**Aim of the task**:
Under this line are the records; write out word for word the part that begins at the line containing "line L66 (45.5, -84.5) -> (-11.5, -84.5)" and ends at the line containing "line L79 (6.45, -91.05)", and no more.

........

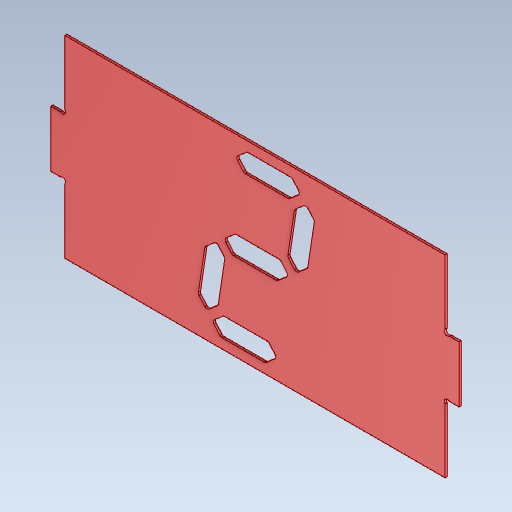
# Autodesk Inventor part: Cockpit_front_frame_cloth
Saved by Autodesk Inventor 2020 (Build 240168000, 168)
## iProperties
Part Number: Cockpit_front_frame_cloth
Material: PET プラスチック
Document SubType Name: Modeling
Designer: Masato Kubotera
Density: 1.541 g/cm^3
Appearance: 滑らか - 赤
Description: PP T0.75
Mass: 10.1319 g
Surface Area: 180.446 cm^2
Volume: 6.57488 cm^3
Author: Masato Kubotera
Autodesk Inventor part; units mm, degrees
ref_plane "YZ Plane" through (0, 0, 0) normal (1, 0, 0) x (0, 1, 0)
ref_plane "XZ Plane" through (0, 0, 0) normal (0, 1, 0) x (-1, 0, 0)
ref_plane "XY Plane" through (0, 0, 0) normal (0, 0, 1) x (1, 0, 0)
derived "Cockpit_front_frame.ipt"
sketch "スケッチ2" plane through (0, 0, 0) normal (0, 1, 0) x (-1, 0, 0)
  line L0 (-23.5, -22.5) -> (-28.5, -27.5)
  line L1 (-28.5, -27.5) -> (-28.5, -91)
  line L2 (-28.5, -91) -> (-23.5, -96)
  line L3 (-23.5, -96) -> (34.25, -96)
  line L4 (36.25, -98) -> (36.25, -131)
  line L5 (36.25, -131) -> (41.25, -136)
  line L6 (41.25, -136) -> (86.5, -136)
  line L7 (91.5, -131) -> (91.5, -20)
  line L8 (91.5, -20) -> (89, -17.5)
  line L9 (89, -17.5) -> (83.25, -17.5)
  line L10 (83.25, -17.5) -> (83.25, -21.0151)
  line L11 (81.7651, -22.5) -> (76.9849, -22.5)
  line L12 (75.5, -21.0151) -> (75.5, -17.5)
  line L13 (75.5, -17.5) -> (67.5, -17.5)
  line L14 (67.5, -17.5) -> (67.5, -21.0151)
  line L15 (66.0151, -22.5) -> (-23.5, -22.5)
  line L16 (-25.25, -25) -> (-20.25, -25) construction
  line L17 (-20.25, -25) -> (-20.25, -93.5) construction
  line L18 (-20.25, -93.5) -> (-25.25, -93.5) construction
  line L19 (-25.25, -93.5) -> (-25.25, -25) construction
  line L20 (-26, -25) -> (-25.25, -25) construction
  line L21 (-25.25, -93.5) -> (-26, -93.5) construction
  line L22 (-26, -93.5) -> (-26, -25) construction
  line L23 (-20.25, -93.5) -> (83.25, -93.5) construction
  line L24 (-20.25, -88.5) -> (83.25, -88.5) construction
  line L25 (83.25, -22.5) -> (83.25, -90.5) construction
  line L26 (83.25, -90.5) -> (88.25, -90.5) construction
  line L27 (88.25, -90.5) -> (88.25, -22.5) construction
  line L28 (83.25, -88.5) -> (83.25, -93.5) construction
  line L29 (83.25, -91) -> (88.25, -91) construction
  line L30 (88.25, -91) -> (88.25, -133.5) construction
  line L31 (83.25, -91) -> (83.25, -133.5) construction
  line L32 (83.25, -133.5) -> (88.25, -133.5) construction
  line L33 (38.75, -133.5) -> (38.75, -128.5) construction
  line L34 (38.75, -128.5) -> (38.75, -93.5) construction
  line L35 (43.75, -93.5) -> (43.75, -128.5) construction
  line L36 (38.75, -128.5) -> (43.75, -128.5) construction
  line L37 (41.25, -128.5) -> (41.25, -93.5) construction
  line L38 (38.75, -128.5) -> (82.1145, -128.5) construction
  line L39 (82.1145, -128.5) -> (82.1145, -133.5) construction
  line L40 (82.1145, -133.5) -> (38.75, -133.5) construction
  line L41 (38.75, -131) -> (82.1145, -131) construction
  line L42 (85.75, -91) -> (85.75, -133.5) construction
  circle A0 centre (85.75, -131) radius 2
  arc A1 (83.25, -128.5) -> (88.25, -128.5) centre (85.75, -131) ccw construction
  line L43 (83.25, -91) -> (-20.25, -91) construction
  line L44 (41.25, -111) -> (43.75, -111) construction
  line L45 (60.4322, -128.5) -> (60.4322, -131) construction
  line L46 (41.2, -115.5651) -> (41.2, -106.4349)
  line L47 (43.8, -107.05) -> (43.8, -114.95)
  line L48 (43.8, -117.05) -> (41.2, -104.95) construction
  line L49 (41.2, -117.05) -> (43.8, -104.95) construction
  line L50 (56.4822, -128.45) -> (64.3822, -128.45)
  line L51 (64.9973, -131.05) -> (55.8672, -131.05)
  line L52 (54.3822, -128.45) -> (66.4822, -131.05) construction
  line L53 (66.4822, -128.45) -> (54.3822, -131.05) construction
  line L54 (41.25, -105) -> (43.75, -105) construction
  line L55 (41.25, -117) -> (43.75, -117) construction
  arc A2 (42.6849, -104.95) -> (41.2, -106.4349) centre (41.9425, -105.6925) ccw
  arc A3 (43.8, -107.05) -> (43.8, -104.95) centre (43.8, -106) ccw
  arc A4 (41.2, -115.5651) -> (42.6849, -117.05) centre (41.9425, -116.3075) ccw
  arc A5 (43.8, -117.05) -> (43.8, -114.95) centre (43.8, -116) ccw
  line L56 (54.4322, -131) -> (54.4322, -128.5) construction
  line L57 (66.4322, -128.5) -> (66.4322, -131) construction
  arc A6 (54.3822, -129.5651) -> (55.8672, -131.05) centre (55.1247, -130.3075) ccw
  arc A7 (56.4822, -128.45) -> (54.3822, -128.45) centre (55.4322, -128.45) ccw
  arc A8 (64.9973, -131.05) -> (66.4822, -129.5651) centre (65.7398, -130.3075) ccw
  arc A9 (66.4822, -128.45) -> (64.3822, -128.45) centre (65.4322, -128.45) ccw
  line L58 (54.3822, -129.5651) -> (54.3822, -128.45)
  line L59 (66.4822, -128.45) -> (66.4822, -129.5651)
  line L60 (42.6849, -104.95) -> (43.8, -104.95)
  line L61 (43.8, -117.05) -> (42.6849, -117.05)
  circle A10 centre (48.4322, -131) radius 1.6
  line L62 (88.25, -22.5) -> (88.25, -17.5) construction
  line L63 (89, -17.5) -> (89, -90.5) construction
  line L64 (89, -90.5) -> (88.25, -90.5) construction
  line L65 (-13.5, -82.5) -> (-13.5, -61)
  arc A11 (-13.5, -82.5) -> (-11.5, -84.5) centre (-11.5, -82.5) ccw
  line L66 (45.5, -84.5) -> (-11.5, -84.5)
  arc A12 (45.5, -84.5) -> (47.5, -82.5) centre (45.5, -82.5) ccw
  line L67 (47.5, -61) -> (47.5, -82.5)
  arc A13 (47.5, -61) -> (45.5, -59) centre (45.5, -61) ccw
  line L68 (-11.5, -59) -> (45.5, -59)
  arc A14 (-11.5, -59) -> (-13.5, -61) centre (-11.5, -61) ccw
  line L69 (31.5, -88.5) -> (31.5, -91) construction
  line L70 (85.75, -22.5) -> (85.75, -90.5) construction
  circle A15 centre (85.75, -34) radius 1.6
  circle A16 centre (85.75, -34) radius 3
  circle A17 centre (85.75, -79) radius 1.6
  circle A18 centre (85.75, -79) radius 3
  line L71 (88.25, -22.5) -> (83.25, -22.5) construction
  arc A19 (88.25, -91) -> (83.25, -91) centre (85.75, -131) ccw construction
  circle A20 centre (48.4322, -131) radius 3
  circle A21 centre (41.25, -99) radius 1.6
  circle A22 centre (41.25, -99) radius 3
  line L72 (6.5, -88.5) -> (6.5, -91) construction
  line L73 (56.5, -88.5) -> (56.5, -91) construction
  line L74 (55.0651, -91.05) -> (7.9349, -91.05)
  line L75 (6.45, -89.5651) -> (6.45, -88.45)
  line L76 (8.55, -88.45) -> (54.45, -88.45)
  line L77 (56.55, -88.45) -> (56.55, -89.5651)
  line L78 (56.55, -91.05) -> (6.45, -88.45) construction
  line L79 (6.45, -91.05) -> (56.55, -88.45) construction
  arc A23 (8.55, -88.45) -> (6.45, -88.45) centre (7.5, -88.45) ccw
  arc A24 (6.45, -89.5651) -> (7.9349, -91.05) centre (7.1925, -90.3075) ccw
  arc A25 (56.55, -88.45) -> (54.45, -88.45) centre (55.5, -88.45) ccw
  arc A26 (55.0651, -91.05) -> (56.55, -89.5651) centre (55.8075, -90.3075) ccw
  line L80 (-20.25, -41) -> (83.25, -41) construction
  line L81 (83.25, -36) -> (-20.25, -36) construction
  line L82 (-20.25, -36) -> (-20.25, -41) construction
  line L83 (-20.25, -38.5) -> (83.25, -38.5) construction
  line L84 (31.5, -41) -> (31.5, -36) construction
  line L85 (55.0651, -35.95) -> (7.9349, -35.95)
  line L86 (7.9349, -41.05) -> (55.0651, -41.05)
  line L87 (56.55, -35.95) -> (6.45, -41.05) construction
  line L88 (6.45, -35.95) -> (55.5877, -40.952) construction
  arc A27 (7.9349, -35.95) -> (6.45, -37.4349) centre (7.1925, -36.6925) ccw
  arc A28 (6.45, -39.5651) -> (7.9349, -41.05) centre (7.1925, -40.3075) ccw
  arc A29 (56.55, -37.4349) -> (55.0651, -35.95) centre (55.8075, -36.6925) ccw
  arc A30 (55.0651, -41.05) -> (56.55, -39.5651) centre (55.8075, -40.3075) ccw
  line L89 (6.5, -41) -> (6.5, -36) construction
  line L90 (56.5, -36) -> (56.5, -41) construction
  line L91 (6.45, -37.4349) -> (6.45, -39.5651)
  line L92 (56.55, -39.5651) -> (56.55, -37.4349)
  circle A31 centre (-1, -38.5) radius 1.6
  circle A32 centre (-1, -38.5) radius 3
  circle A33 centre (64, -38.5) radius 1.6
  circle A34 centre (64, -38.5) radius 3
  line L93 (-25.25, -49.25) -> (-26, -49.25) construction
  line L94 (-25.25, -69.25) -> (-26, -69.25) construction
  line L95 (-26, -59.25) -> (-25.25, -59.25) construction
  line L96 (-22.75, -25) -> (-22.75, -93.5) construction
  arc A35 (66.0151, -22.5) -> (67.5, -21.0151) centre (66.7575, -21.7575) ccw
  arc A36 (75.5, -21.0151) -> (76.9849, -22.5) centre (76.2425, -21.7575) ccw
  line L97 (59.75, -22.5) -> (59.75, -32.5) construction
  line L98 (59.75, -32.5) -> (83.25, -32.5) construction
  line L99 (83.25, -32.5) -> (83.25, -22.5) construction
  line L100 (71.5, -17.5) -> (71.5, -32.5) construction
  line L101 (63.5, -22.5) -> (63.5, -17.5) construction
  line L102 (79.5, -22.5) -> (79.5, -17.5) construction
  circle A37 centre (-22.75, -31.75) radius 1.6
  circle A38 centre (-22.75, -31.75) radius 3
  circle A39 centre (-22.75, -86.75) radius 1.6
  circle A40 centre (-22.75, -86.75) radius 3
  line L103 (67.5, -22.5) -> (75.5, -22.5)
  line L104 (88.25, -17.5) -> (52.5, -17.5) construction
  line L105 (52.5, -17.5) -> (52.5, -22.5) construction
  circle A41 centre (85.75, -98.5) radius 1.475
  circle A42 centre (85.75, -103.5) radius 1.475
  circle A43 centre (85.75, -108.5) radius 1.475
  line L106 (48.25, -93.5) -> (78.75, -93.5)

........

**Solution**:
  line L66 (45.5, -84.5) -> (-11.5, -84.5)
  arc A12 (45.5, -84.5) -> (47.5, -82.5) centre (45.5, -82.5) ccw
  line L67 (47.5, -61) -> (47.5, -82.5)
  arc A13 (47.5, -61) -> (45.5, -59) centre (45.5, -61) ccw
  line L68 (-11.5, -59) -> (45.5, -59)
  arc A14 (-11.5, -59) -> (-13.5, -61) centre (-11.5, -61) ccw
  line L69 (31.5, -88.5) -> (31.5, -91) construction
  line L70 (85.75, -22.5) -> (85.75, -90.5) construction
  circle A15 centre (85.75, -34) radius 1.6
  circle A16 centre (85.75, -34) radius 3
  circle A17 centre (85.75, -79) radius 1.6
  circle A18 centre (85.75, -79) radius 3
  line L71 (88.25, -22.5) -> (83.25, -22.5) construction
  arc A19 (88.25, -91) -> (83.25, -91) centre (85.75, -131) ccw construction
  circle A20 centre (48.4322, -131) radius 3
  circle A21 centre (41.25, -99) radius 1.6
  circle A22 centre (41.25, -99) radius 3
  line L72 (6.5, -88.5) -> (6.5, -91) construction
  line L73 (56.5, -88.5) -> (56.5, -91) construction
  line L74 (55.0651, -91.05) -> (7.9349, -91.05)
  line L75 (6.45, -89.5651) -> (6.45, -88.45)
  line L76 (8.55, -88.45) -> (54.45, -88.45)
  line L77 (56.55, -88.45) -> (56.55, -89.5651)
  line L78 (56.55, -91.05) -> (6.45, -88.45) construction
  line L79 (6.45, -91.05) -> (56.55, -88.45) construction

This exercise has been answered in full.